Hearables: Heart Rate Variability from Ear Electrocardiogram and Ear Photoplethysmogram (Ear-ECG and Ear-PPG)

This work aims to classify physiological states using heart rate variability (HRV) features extracted from electrocardiograms recorded in the ears (ear-ECG). The physiological states considered in this work are: (a) normal breathing, (b) controlled slow breathing, and (c) mental exercises. Since both (b) and (c) cause higher variance in heartbeat intervals, breathing-related features (SpO2 and mean breathing interval) from the ear Photoplethysmogram (ear-PPG) are used to facilitate classification. This work: 1) proposes a scheme that, after initialization, automatically extracts R-peaks from low signal-to-noise ratio ear-ECG; 2) verifies the feasibility of extracting meaningful HRV features from ear-ECG; 3) quantitatively compares several ear-ECG sites; and 4) discusses the benefits of combining ear-ECG and ear-PPG features.

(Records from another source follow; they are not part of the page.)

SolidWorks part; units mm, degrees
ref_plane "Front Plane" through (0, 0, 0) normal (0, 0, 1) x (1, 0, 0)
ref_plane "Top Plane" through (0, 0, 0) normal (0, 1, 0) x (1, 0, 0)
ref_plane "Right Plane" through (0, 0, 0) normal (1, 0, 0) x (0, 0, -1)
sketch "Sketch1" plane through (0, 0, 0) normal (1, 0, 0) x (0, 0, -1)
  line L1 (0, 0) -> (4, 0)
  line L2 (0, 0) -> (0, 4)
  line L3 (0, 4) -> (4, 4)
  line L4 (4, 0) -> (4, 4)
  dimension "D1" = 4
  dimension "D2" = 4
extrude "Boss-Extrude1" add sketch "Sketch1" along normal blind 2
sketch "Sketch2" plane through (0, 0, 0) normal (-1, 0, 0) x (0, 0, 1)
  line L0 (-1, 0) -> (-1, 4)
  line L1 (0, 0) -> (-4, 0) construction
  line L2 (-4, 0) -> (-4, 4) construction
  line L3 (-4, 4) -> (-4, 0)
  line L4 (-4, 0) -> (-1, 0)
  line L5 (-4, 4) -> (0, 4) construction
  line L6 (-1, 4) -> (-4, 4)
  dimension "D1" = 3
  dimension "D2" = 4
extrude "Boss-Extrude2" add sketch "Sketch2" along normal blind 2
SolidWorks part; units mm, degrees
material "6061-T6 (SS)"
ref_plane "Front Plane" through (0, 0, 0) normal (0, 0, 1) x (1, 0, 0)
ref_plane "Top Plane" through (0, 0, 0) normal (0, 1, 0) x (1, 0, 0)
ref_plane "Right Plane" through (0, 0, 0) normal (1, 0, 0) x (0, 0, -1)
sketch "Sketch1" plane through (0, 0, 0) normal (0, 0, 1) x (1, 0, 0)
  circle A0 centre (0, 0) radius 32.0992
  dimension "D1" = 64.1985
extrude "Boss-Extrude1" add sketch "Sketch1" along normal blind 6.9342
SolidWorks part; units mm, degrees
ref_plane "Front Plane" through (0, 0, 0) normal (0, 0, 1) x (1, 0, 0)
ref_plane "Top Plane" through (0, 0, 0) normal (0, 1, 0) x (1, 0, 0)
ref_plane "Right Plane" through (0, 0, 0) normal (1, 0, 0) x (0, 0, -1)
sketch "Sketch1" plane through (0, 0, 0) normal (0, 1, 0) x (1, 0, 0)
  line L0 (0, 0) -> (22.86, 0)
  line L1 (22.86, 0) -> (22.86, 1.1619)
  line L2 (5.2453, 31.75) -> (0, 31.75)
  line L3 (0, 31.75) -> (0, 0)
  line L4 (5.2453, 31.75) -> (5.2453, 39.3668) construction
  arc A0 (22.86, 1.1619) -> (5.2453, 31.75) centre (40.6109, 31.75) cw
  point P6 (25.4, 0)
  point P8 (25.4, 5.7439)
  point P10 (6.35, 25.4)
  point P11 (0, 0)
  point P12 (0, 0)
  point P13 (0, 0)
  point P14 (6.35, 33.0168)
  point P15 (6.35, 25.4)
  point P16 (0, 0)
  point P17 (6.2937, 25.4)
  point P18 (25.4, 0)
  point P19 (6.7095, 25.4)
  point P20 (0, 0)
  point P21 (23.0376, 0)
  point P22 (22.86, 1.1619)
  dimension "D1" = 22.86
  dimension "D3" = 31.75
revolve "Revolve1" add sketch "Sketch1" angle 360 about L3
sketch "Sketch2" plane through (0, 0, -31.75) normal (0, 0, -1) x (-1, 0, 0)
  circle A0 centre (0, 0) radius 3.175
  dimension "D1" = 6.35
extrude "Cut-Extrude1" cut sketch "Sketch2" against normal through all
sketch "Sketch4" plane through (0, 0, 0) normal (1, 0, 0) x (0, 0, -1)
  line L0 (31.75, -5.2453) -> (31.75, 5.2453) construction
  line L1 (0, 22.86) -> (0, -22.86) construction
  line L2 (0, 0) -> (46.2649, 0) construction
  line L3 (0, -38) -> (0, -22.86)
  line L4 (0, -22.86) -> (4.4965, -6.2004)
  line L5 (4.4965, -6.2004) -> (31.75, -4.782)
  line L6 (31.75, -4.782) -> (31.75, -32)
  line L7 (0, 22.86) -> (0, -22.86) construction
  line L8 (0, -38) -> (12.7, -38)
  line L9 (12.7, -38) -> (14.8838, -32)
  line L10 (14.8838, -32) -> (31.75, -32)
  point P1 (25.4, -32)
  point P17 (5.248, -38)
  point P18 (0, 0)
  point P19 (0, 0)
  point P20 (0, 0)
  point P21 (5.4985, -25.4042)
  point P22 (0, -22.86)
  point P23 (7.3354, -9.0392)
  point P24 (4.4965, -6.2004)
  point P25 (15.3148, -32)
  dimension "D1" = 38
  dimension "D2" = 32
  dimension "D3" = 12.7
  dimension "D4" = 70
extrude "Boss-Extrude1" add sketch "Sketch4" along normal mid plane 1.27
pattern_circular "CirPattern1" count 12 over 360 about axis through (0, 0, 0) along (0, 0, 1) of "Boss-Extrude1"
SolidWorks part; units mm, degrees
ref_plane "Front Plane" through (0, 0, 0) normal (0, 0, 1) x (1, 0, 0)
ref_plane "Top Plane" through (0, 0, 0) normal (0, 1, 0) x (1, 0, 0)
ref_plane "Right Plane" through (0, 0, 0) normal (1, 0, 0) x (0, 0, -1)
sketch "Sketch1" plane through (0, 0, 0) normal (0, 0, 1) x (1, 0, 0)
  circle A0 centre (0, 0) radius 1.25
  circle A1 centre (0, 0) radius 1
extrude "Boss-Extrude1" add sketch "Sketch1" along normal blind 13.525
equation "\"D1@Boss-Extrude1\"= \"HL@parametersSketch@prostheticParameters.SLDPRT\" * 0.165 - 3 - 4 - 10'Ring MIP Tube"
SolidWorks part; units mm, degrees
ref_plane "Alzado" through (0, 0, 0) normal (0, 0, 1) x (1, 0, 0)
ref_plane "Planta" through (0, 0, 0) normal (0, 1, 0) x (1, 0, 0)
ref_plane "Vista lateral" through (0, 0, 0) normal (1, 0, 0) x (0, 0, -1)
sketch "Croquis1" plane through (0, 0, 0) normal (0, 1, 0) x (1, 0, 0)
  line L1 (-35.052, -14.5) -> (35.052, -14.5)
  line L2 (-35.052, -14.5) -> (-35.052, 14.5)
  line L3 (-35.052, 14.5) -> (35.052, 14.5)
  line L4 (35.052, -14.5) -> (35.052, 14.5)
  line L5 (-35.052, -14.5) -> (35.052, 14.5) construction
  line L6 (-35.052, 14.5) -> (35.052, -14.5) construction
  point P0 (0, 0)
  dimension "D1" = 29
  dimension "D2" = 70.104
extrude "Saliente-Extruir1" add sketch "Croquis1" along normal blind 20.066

An In-Ear PPG-Based Blood Glucose Monitor: A Proof-of-Concept Study

Monitoring diabetes saves lives. To this end, we introduce a novel, unobtrusive, and readily deployable in-ear device for the continuous and non-invasive measurement of blood glucose levels (BGLs). The device is equipped with a low-cost commercially available pulse oximeter whose infrared wavelength (880 nm) is used for the acquisition of photoplethysmography (PPG). For rigor, we considered a full range of diabetic conditions (non-diabetic, pre-diabetic, type I diabetic, and type II diabetic). Recordings spanned nine different days, starting in the morning while fasting, up to a minimum of a two-hour period after eating a carbohydrate-rich breakfast. The BGLs from PPG were estimated using a suite of regression-based machine learning models, which were trained on characteristic features of PPG cycles pertaining to high and low BGLs. The analysis shows that, as desired, an average of 82% of the BGLs estimated from PPG lie in region A of the Clarke error grid (CEG) plot, with 100% of the estimated BGLs in the clinically acceptable CEG regions A and B. These results demonstrate the potential of the ear canal as a site for non-invasive blood glucose monitoring.